───── The data ─────

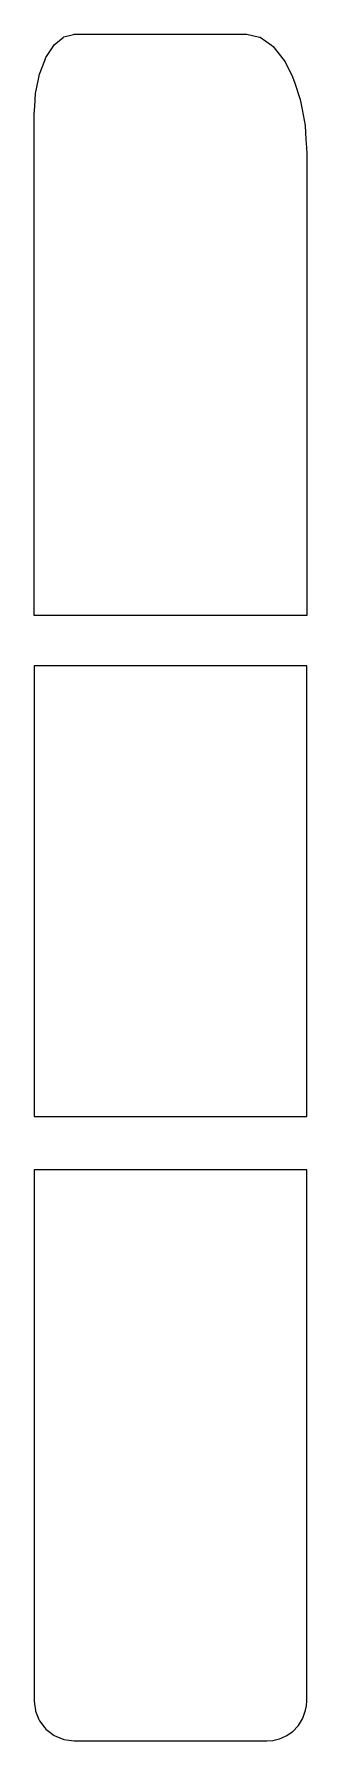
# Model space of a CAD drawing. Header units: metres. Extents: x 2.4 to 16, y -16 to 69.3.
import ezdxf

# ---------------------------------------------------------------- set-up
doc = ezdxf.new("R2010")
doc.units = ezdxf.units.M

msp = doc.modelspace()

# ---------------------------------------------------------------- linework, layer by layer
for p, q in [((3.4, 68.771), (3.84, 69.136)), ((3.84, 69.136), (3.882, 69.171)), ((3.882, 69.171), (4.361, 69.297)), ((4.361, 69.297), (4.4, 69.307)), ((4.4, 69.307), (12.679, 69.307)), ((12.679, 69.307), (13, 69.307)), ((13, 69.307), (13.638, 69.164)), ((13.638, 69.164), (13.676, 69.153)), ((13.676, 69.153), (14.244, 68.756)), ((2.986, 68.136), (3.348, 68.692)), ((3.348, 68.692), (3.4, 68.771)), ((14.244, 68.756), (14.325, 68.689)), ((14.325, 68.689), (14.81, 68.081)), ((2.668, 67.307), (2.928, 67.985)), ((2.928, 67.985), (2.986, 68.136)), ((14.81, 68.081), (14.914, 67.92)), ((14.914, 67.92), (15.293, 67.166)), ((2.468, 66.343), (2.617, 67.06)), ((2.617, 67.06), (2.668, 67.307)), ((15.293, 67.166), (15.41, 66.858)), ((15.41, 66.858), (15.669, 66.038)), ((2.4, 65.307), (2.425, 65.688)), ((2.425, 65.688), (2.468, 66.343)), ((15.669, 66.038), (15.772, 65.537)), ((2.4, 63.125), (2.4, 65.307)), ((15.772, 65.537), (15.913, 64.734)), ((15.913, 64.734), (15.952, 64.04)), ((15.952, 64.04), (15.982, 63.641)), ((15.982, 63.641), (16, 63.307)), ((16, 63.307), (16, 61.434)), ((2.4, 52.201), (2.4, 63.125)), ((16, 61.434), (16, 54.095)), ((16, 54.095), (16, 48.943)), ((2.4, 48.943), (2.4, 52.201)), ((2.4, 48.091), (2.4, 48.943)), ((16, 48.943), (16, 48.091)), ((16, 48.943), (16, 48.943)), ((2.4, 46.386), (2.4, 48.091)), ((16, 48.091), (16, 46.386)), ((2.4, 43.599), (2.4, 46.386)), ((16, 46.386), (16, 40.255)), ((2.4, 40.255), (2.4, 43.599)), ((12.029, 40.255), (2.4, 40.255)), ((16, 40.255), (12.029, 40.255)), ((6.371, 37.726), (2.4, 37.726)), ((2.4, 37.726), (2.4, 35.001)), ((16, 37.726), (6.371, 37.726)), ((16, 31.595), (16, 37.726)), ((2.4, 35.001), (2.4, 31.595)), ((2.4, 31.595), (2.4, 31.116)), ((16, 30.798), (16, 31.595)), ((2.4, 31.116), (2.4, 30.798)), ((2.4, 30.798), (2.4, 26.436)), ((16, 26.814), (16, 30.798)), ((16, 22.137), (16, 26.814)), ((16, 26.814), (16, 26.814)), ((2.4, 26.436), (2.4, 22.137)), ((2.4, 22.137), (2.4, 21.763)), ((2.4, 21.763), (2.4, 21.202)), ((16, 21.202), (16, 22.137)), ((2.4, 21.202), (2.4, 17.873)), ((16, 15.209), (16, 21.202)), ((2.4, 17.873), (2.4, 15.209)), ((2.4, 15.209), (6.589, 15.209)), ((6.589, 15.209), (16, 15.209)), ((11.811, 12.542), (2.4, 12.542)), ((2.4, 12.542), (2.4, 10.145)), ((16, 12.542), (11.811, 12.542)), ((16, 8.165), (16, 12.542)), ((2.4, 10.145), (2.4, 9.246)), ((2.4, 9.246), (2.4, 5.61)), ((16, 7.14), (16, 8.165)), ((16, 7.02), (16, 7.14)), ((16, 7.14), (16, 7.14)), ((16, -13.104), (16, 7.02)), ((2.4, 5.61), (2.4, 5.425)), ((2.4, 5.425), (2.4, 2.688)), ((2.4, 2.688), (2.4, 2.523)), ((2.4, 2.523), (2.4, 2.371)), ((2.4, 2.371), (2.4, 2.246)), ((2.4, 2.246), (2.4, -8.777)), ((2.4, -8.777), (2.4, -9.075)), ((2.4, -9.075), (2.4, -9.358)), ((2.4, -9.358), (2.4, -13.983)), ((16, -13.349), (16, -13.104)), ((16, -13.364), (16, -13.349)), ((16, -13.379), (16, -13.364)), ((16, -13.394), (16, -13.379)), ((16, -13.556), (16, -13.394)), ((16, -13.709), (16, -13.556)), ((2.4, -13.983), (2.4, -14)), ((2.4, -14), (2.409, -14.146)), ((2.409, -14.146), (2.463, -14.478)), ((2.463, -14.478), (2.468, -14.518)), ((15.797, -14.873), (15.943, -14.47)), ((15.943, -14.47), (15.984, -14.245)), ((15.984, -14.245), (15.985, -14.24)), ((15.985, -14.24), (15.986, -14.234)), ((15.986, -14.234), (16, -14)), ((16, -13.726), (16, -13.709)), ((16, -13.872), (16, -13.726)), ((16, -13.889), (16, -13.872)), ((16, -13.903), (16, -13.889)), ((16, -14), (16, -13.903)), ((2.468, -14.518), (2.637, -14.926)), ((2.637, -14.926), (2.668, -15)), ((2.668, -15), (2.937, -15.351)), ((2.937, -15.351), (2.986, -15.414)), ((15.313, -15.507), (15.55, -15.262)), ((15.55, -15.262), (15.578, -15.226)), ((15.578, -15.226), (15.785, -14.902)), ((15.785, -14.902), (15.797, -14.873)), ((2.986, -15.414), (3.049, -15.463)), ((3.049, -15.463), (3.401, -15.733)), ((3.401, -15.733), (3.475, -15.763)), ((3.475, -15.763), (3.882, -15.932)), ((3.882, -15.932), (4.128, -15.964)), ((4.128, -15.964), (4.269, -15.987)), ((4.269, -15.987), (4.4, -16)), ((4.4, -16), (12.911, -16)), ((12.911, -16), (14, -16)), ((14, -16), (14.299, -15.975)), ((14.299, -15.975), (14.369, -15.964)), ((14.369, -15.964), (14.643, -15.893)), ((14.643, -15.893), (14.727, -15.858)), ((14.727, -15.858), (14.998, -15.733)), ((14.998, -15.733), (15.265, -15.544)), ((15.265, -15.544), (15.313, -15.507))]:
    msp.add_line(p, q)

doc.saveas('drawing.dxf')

─────

Which lines in the records above contain the word "units"? Copy each one.

* [The completed task]:
# Model space of a CAD drawing. Header units: metres. Extents: x 2.4 to 16, y -16 to 69.3.
doc.units = ezdxf.units.M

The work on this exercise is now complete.